After he presented our options, I told him we wanted to have Steve's sperm tested to determine what percentage of abnormal gametes we are dealing with. He did not understand, I must have phrased it poorly, so we tangoed around his small office knocking over pictures and lamps until I shamefully pulled out this research article I had hidden in my handbag. I was hoping it would not have to come to that, but once I drew his attention to the table on page 6 things improved dramatically. "OH!" he said "OH! How interesting! I am surprised I missed this article." Yeah, well, we cannot ALL be on top of the latest research in reproductive endocrinology, don't feel bad.

He said he would talk to his cytogeneticist the following morning and get that guy's thoughts. Either they could do this or they would find someone who could.
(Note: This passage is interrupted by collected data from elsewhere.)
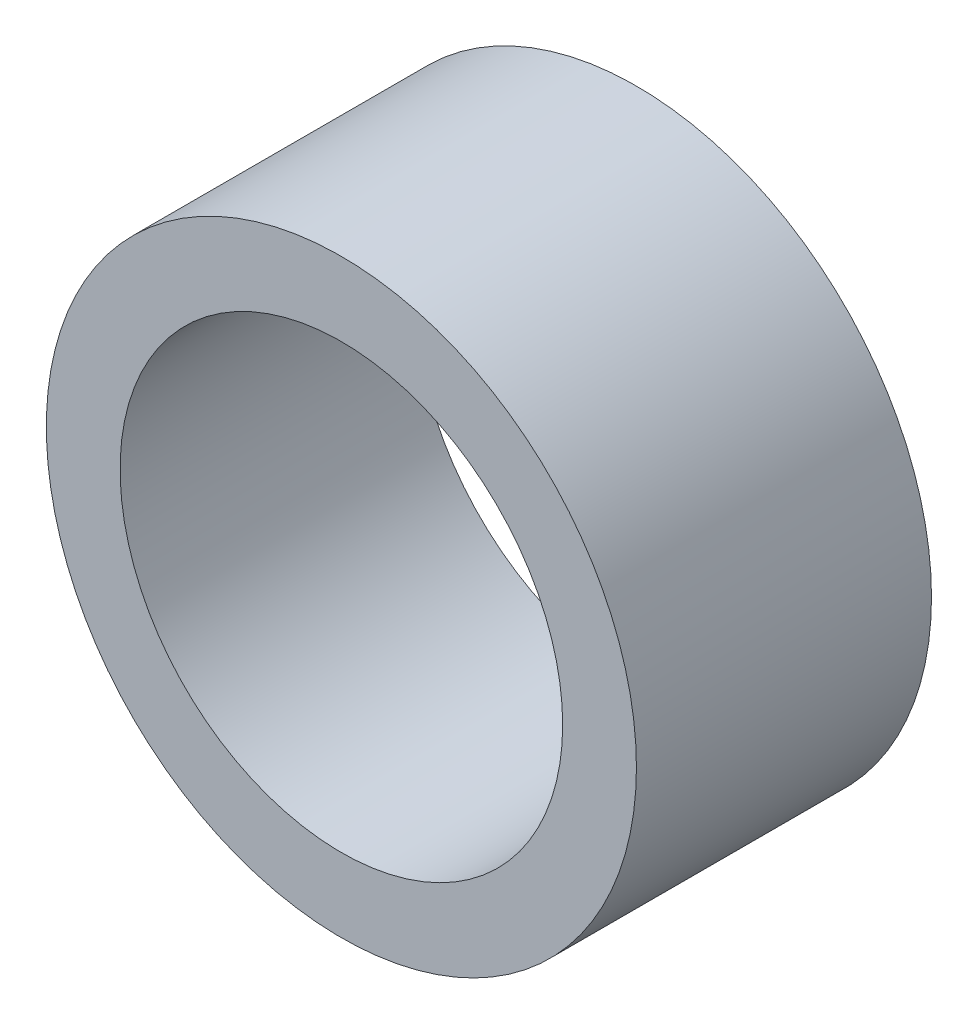
SolidWorks part; units mm, degrees
material "AISI 1020"
ref_plane "Ön Düzlem" through (0, 0, 0) normal (0, 0, 1) x (1, 0, 0)
ref_plane "Üst Düzlem" through (0, 0, 0) normal (0, 1, 0) x (1, 0, 0)
ref_plane "Sağ Düzlem" through (0, 0, 0) normal (1, 0, 0) x (0, 0, -1)
sketch "Çizim1" plane through (0, 0, 0) normal (0, 0, 1) x (1, 0, 0)
  circle A0 centre (0, 0) radius 40
  circle A1 centre (0, 0) radius 30
  dimension "D1" = 60
  dimension "D2" = 80
extrude "Yükseklik-Ekstrüzyon1" add sketch "Çizim1" along normal blind 40
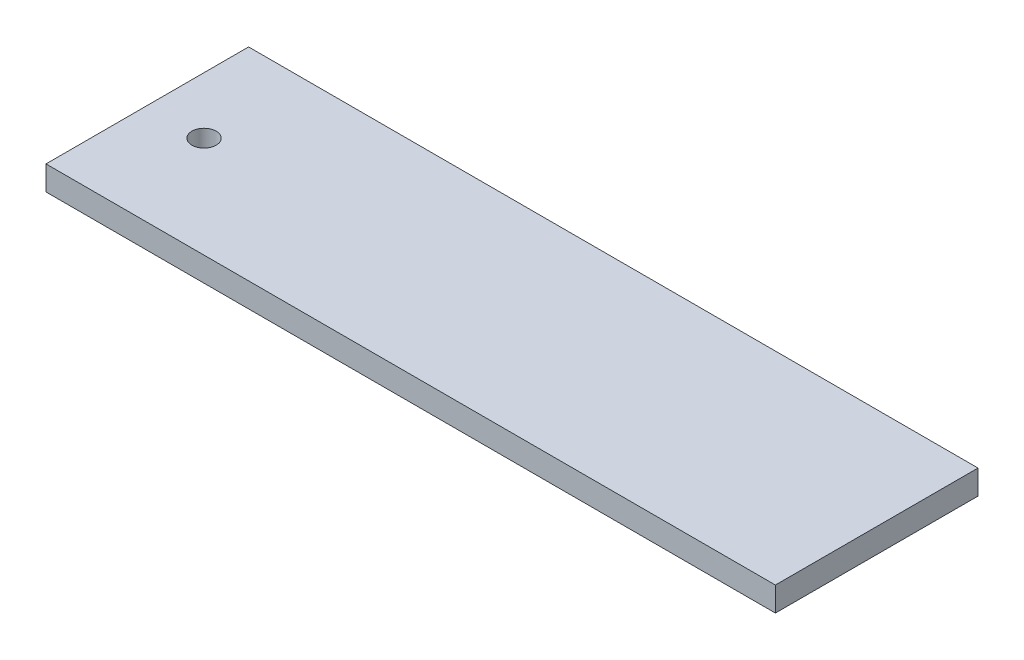
SolidWorks part; units mm, degrees
ref_plane "Front Plane" through (0, 0, 0) normal (0, 0, 1) x (1, 0, 0)
ref_plane "Top Plane" through (0, 0, 0) normal (0, 1, 0) x (1, 0, 0)
ref_plane "Right Plane" through (0, 0, 0) normal (1, 0, 0) x (0, 0, -1)
sketch "Sketch1" plane through (0, 0, 0) normal (0, 1, 0) x (1, 0, 0)
  line L1 (-45, 12.5) -> (45, 12.5)
  line L2 (-45, 12.5) -> (-45, -12.5)
  line L3 (-45, -12.5) -> (45, -12.5)
  line L4 (45, 12.5) -> (45, -12.5)
  line L5 (-45, 12.5) -> (45, -12.5) construction
  line L6 (-45, -12.5) -> (45, 12.5) construction
  point P0 (0, 0)
  dimension "D1" = 25
  dimension "D2" = 90
extrude "Boss-Extrude1" add sketch "Sketch1" along normal blind 3
sketch "Sketch2" plane through (0, 3, 0) normal (0, 1, 0) x (1, 0, 0)
  line L0 (-45, 12.5) -> (-45, -12.5) construction
  line L1 (45, 12.5) -> (-45, 12.5) construction
  circle A0 centre (-38, 0) radius 1.5
  dimension "D1" = 7
  dimension "D2" = 12.5
extrude "Cut-Extrude1" cut sketch "Sketch2" against normal blind 10

Okey-dokey. Mission accomplished.

He left a message this morning saying that they could perform the test here, and that the genetics guy thought it was a terrific idea. Steve emailed me this information after deleting the voicemail. I said, great, but what exactly are we supposed to do? Who do we call? Who can help me work this through the insurance company? Where do we take your sperm and in what container (a horseradish jar? a Dixie cup?) and when? Details, I know, but someone needs to think of these things.

And yes, Steve often communicates with me via email despite the fact that he is within shouting distance ALL THE TIME. Freak. Oh, maybe that was hurtful, you know, since he is an actual freak. I should email him about that.